The semantic model refresh activity in Fabric Data Pipelines was released last year and at the time all the focus was on the extra control it gives you over what happens in a refresh: it allows you to refresh individual tables or partitions and control the amount of parallelism, for example; it also allows you to schedule your refresh after other ETL operations, which in Fabric will probably also be scheduled using Pipelines, have completed. What I want to draw your attention to is the fact that Fabric Data Pipelines use the new Fabric scheduler which offers more flexibility for controlling when they run.

There’s some documentation here on how to schedule a Data Pipeline run but it’s very straightforward to use. I created a Fabric Pipeline consisting of a single semantic model refresh activity like so:

..then hit the Schedule button on the toolbar, selected “Monthly” on the Repeat dropdown and configured it to run on the first Sunday of the month:

Apart from the option to run on the Nth instance of a given day of the week you can also run the Data Pipeline on a given day number of the month; you can also run every N months, add up to 10 times to run per day, and set a start and end date.

There are two other options for scheduling that aren’t available in the scheduler for semantic models: the ability to run the Data Pipeline every N hours or minutes.

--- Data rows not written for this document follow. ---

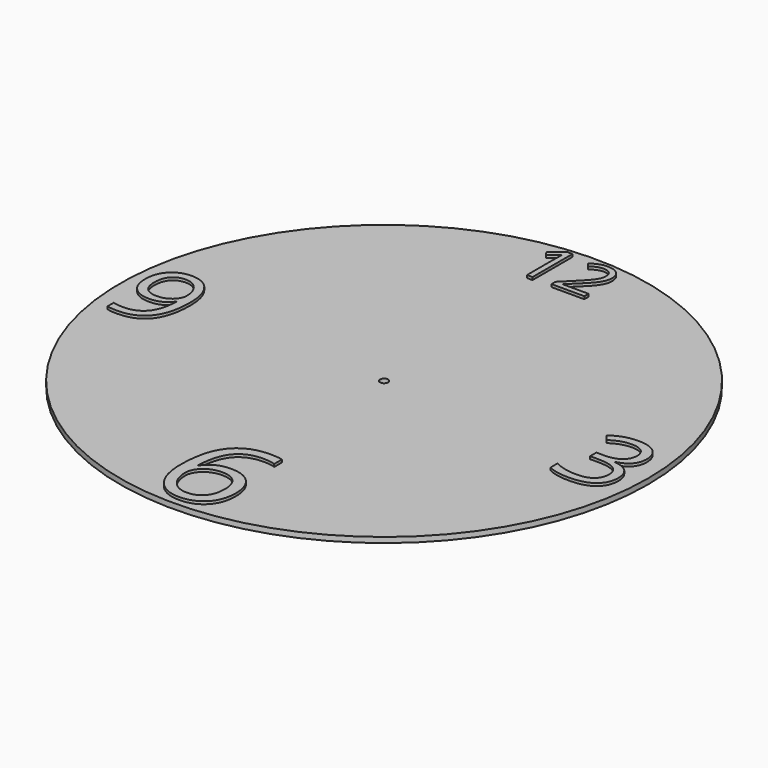
from build123d import *

# Parameters (mm, degrees)
F0_R           = 98
F1_DEPTH       = 2
F2_TEXT_SIZE   = 25.9810554804
F2_TEXT_SIZE_2 = 51.0366826156
F2_TEXT_SIZE_3 = 41.6666666667
F3_DEPTH       = 1
F4_R           = 1.5
F5_DEPTH       = 4


# Not quite as in the source:
# - Text() gives the source's letters only with a copy of the font that has no kerning and outlines rounded to 1/6400 em; it was checked with that copy


with BuildPart() as f1:
    # F0 (on Top) → F1 (new body)
    with BuildSketch(Plane.XY):
        Circle(F0_R)
    extrude(amount=F1_DEPTH)

    # F2 (on face) → F3 (join)
    with BuildSketch(Plane.XY.offset(2)):
        with Locations((-15, 76.2936400541)):
            Text('12', F2_TEXT_SIZE, font='Open Sans', text_align=(TextAlign.LEFT, TextAlign.BOTTOM))
        with Locations((-15, -95)):
            Text('6', F2_TEXT_SIZE_2, font='Open Sans', text_align=(TextAlign.LEFT, TextAlign.BOTTOM))
        with Locations((70.91796875, -15)):
            Text('3', F2_TEXT_SIZE_3, font='Open Sans', text_align=(TextAlign.LEFT, TextAlign.BOTTOM))
        with Locations((-95, -15)):
            Text('9', F2_TEXT_SIZE_3, font='Open Sans', text_align=(TextAlign.LEFT, TextAlign.BOTTOM))
    extrude(amount=F3_DEPTH)

    # F4 (on face) → F5 (cut)
    with BuildSketch(Plane.XY.offset(2)):
        Circle(F4_R)
    extrude(amount=-F5_DEPTH, mode=Mode.SUBTRACT)


solid = f1.part

Be warned though: refreshing your semantic model every few minutes is dangerous because it can result in excessive CU consumption on your capacity and maybe even throttling if you’re not careful.

The same options to run a Data Pipeline daily and weekly that exist in the scheduler for semantic models with one notable limitation: the semantic model scheduler allows you to specify up to 48 times to refresh every day for models stored on a Premium/Fabric capacity, whereas the Fabric scheduler used by Pipelines only allows you to specify 10 times per day.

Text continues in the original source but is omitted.